Exercise prompt:
A word-for-word copy of the records that follow is needed, with every picture omitted.

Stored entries
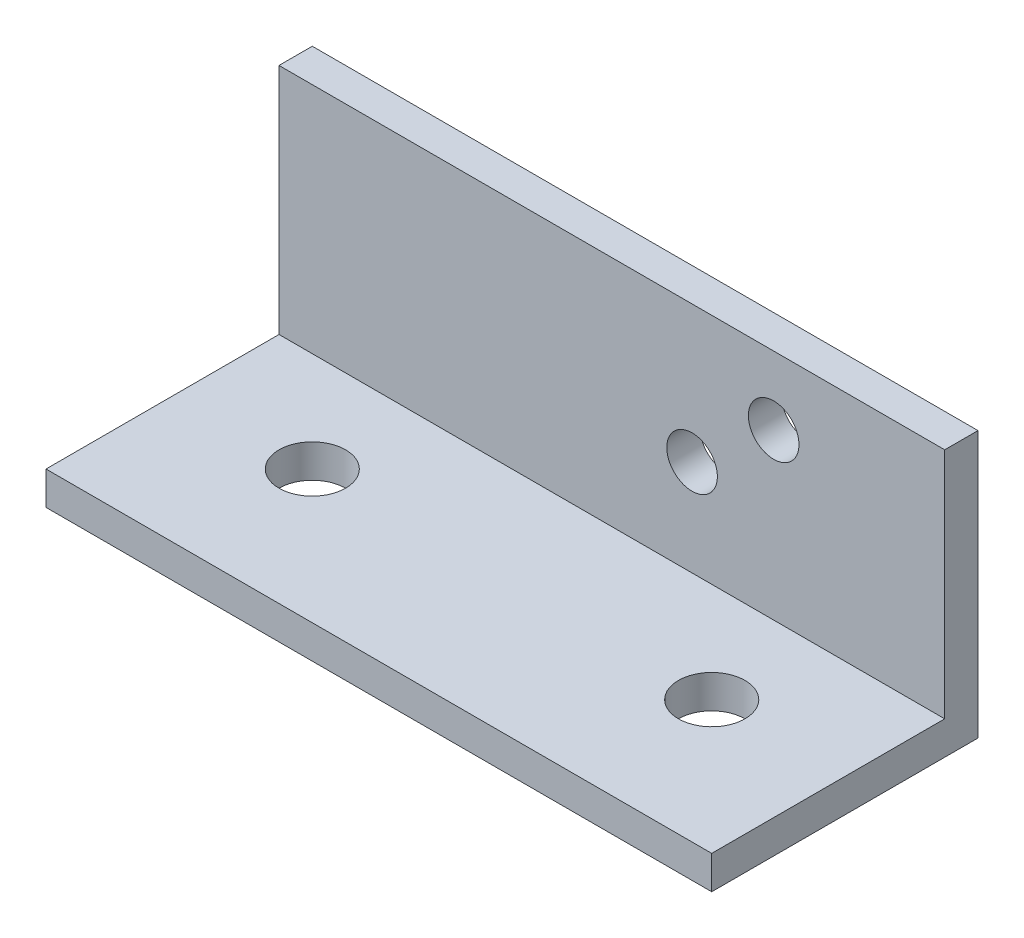
from build123d import *

# Parameters (mm, degrees)
SKETCH1_W           = 63.5
SKETCH1_H           = 25.4
BOSS_EXTRUDE1_DEPTH = 3.175
SKETCH2_W           = 63.5
SKETCH2_H           = 3.175
BOSS_EXTRUDE2_DEPTH = 22.225
SKETCH3_R           = 3.175
CUT_EXTRUDE1_DEPTH  = 3.175
SKETCH4_R           = 2.413
CUT_EXTRUDE2_DEPTH  = 3.175


with BuildPart() as part:
    # Sketch1 → Boss-Extrude1 (new body)
    with BuildSketch(Plane(origin=(0, 0, 0), x_dir=(1, 0, 0), z_dir=(0, 1, 0))):
        with Locations((31.75, -12.7)):
            Rectangle(SKETCH1_W, SKETCH1_H)
    extrude(amount=BOSS_EXTRUDE1_DEPTH)

    # Sketch2 → Boss-Extrude2 (add)
    with BuildSketch(Plane(origin=(0, 3.175, 0), x_dir=(1, 0, 0), z_dir=(0, 1, 0))):
        with Locations((31.75, -1.5875)):
            Rectangle(SKETCH2_W, SKETCH2_H)
    extrude(amount=BOSS_EXTRUDE2_DEPTH)

    # Sketch3 → Cut-Extrude1 (cut)
    with BuildSketch(Plane(origin=(0, 3.175, 0), x_dir=(1, 0, 0), z_dir=(0, 1, 0))):
        with BuildLine():
            ThreePointArc((50.8, -15.875), (53.04506403, -14.94506403), (53.975, -12.7))
            Line((53.975, -12.7), (50.8, -12.7))
            Line((50.8, -12.7), (50.8, -15.875))
        make_face()
        with BuildLine():
            Line((50.8, -12.7), (53.975, -12.7))
            ThreePointArc((53.975, -12.7), (48.55493597, -10.45493597), (50.8, -15.875))
            Line((50.8, -15.875), (50.8, -12.7))
        make_face()
        with Locations(Location((12.7, -12.7, 0), (0, 0, 270))):
            Circle(SKETCH3_R)
    extrude(amount=-CUT_EXTRUDE1_DEPTH, mode=Mode.SUBTRACT)

    # Sketch4 → Cut-Extrude2 (cut)
    with BuildSketch(Plane(origin=(0, 0, 0), x_dir=(-1, 0, 0), z_dir=(0, 0, -1))):
        with Locations((-47.184645461, 18.869277886)):
            Circle(SKETCH4_R)
        with Locations((-39.401633919, 12.338555771)):
            Circle(SKETCH4_R)
    extrude(amount=-CUT_EXTRUDE2_DEPTH, mode=Mode.SUBTRACT)


solid = part.part

Task output:
from build123d import *

# Parameters (mm, degrees)
SKETCH1_W           = 63.5
SKETCH1_H           = 25.4
BOSS_EXTRUDE1_DEPTH = 3.175
SKETCH2_W           = 63.5
SKETCH2_H           = 3.175
BOSS_EXTRUDE2_DEPTH = 22.225
SKETCH3_R           = 3.175
CUT_EXTRUDE1_DEPTH  = 3.175
SKETCH4_R           = 2.413
CUT_EXTRUDE2_DEPTH  = 3.175


with BuildPart() as part:
    # Sketch1 → Boss-Extrude1 (new body)
    with BuildSketch(Plane(origin=(0, 0, 0), x_dir=(1, 0, 0), z_dir=(0, 1, 0))):
        with Locations((31.75, -12.7)):
            Rectangle(SKETCH1_W, SKETCH1_H)
    extrude(amount=BOSS_EXTRUDE1_DEPTH)

    # Sketch2 → Boss-Extrude2 (add)
    with BuildSketch(Plane(origin=(0, 3.175, 0), x_dir=(1, 0, 0), z_dir=(0, 1, 0))):
        with Locations((31.75, -1.5875)):
            Rectangle(SKETCH2_W, SKETCH2_H)
    extrude(amount=BOSS_EXTRUDE2_DEPTH)

    # Sketch3 → Cut-Extrude1 (cut)
    with BuildSketch(Plane(origin=(0, 3.175, 0), x_dir=(1, 0, 0), z_dir=(0, 1, 0))):
        with BuildLine():
            ThreePointArc((50.8, -15.875), (53.04506403, -14.94506403), (53.975, -12.7))
            Line((53.975, -12.7), (50.8, -12.7))
            Line((50.8, -12.7), (50.8, -15.875))
        make_face()
        with BuildLine():
            Line((50.8, -12.7), (53.975, -12.7))
            ThreePointArc((53.975, -12.7), (48.55493597, -10.45493597), (50.8, -15.875))
            Line((50.8, -15.875), (50.8, -12.7))
        make_face()
        with Locations(Location((12.7, -12.7, 0), (0, 0, 270))):
            Circle(SKETCH3_R)
    extrude(amount=-CUT_EXTRUDE1_DEPTH, mode=Mode.SUBTRACT)

    # Sketch4 → Cut-Extrude2 (cut)
    with BuildSketch(Plane(origin=(0, 0, 0), x_dir=(-1, 0, 0), z_dir=(0, 0, -1))):
        with Locations((-47.184645461, 18.869277886)):
            Circle(SKETCH4_R)
        with Locations((-39.401633919, 12.338555771)):
            Circle(SKETCH4_R)
    extrude(amount=-CUT_EXTRUDE2_DEPTH, mode=Mode.SUBTRACT)


solid = part.part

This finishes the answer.